▶ TASK PROMPT
Output the complete listing. Match it exactly.

▶ SOURCE MATERIAL

::::

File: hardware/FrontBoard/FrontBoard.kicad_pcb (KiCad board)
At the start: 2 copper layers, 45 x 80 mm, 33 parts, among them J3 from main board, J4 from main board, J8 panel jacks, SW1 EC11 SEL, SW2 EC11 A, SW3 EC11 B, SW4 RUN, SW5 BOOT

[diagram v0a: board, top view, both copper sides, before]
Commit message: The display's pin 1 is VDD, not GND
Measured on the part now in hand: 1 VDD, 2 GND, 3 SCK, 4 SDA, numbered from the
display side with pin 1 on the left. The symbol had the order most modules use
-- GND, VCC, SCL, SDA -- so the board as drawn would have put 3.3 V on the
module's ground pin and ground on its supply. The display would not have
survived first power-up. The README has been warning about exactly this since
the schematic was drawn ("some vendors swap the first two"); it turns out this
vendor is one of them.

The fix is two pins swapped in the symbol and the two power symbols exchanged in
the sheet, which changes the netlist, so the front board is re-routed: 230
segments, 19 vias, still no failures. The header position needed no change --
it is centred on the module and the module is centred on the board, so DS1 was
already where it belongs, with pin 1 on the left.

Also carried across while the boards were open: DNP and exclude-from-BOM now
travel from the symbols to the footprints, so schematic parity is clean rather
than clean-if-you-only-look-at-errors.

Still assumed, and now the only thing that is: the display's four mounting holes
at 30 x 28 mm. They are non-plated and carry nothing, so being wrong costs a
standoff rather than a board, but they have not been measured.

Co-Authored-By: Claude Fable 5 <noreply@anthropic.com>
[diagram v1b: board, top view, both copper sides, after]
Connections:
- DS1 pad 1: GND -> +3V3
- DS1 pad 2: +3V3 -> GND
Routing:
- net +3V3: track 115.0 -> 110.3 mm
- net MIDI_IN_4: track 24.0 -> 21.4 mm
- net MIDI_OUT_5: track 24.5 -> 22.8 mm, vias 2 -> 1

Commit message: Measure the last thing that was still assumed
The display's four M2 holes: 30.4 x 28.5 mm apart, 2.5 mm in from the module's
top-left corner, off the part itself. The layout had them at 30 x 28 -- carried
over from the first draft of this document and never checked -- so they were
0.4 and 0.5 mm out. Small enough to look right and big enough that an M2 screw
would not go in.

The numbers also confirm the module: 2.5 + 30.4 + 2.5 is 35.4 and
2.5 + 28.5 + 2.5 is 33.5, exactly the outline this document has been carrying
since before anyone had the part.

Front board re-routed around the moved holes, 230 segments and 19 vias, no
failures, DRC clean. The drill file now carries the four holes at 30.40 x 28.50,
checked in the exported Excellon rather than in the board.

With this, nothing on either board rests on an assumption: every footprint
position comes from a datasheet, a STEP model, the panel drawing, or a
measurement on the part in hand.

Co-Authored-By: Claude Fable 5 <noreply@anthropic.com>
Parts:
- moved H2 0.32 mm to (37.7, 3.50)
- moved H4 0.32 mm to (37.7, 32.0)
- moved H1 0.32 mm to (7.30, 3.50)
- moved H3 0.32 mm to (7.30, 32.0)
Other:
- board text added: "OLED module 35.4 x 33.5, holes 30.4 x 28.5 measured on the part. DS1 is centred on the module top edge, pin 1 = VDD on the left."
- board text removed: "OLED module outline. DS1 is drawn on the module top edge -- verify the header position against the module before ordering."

::::

▶ EXPECTED OUTPUT
File: hardware/FrontBoard/FrontBoard.kicad_pcb (KiCad board)
At the start: 2 copper layers, 45 x 80 mm, 33 parts, among them J3 from main board, J4 from main board, J8 panel jacks, SW1 EC11 SEL, SW2 EC11 A, SW3 EC11 B, SW4 RUN, SW5 BOOT

[diagram v0a: board, top view, both copper sides, before]
Commit message: The display's pin 1 is VDD, not GND
Measured on the part now in hand: 1 VDD, 2 GND, 3 SCK, 4 SDA, numbered from the
display side with pin 1 on the left. The symbol had the order most modules use
-- GND, VCC, SCL, SDA -- so the board as drawn would have put 3.3 V on the
module's ground pin and ground on its supply. The display would not have
survived first power-up. The README has been warning about exactly this since
the schematic was drawn ("some vendors swap the first two"); it turns out this
vendor is one of them.

The fix is two pins swapped in the symbol and the two power symbols exchanged in
the sheet, which changes the netlist, so the front board is re-routed: 230
segments, 19 vias, still no failures. The header position needed no change --
it is centred on the module and the module is centred on the board, so DS1 was
already where it belongs, with pin 1 on the left.

Also carried across while the boards were open: DNP and exclude-from-BOM now
travel from the symbols to the footprints, so schematic parity is clean rather
than clean-if-you-only-look-at-errors.

Still assumed, and now the only thing that is: the display's four mounting holes
at 30 x 28 mm. They are non-plated and carry nothing, so being wrong costs a
standoff rather than a board, but they have not been measured.

Co-Authored-By: Claude Fable 5 <noreply@anthropic.com>
[diagram v1b: board, top view, both copper sides, after]
Connections:
- DS1 pad 1: GND -> +3V3
- DS1 pad 2: +3V3 -> GND
Routing:
- net +3V3: track 115.0 -> 110.3 mm
- net MIDI_IN_4: track 24.0 -> 21.4 mm
- net MIDI_OUT_5: track 24.5 -> 22.8 mm, vias 2 -> 1

Commit message: Measure the last thing that was still assumed
The display's four M2 holes: 30.4 x 28.5 mm apart, 2.5 mm in from the module's
top-left corner, off the part itself. The layout had them at 30 x 28 -- carried
over from the first draft of this document and never checked -- so they were
0.4 and 0.5 mm out. Small enough to look right and big enough that an M2 screw
would not go in.

The numbers also confirm the module: 2.5 + 30.4 + 2.5 is 35.4 and
2.5 + 28.5 + 2.5 is 33.5, exactly the outline this document has been carrying
since before anyone had the part.

Front board re-routed around the moved holes, 230 segments and 19 vias, no
failures, DRC clean. The drill file now carries the four holes at 30.40 x 28.50,
checked in the exported Excellon rather than in the board.

With this, nothing on either board rests on an assumption: every footprint
position comes from a datasheet, a STEP model, the panel drawing, or a
measurement on the part in hand.

Co-Authored-By: Claude Fable 5 <noreply@anthropic.com>
Parts:
- moved H2 0.32 mm to (37.7, 3.50)
- moved H4 0.32 mm to (37.7, 32.0)
- moved H1 0.32 mm to (7.30, 3.50)
- moved H3 0.32 mm to (7.30, 32.0)
Other:
- board text added: "OLED module 35.4 x 33.5, holes 30.4 x 28.5 measured on the part. DS1 is centred on the module top edge, pin 1 = VDD on the left."
- board text removed: "OLED module outline. DS1 is drawn on the module top edge -- verify the header position against the module before ordering."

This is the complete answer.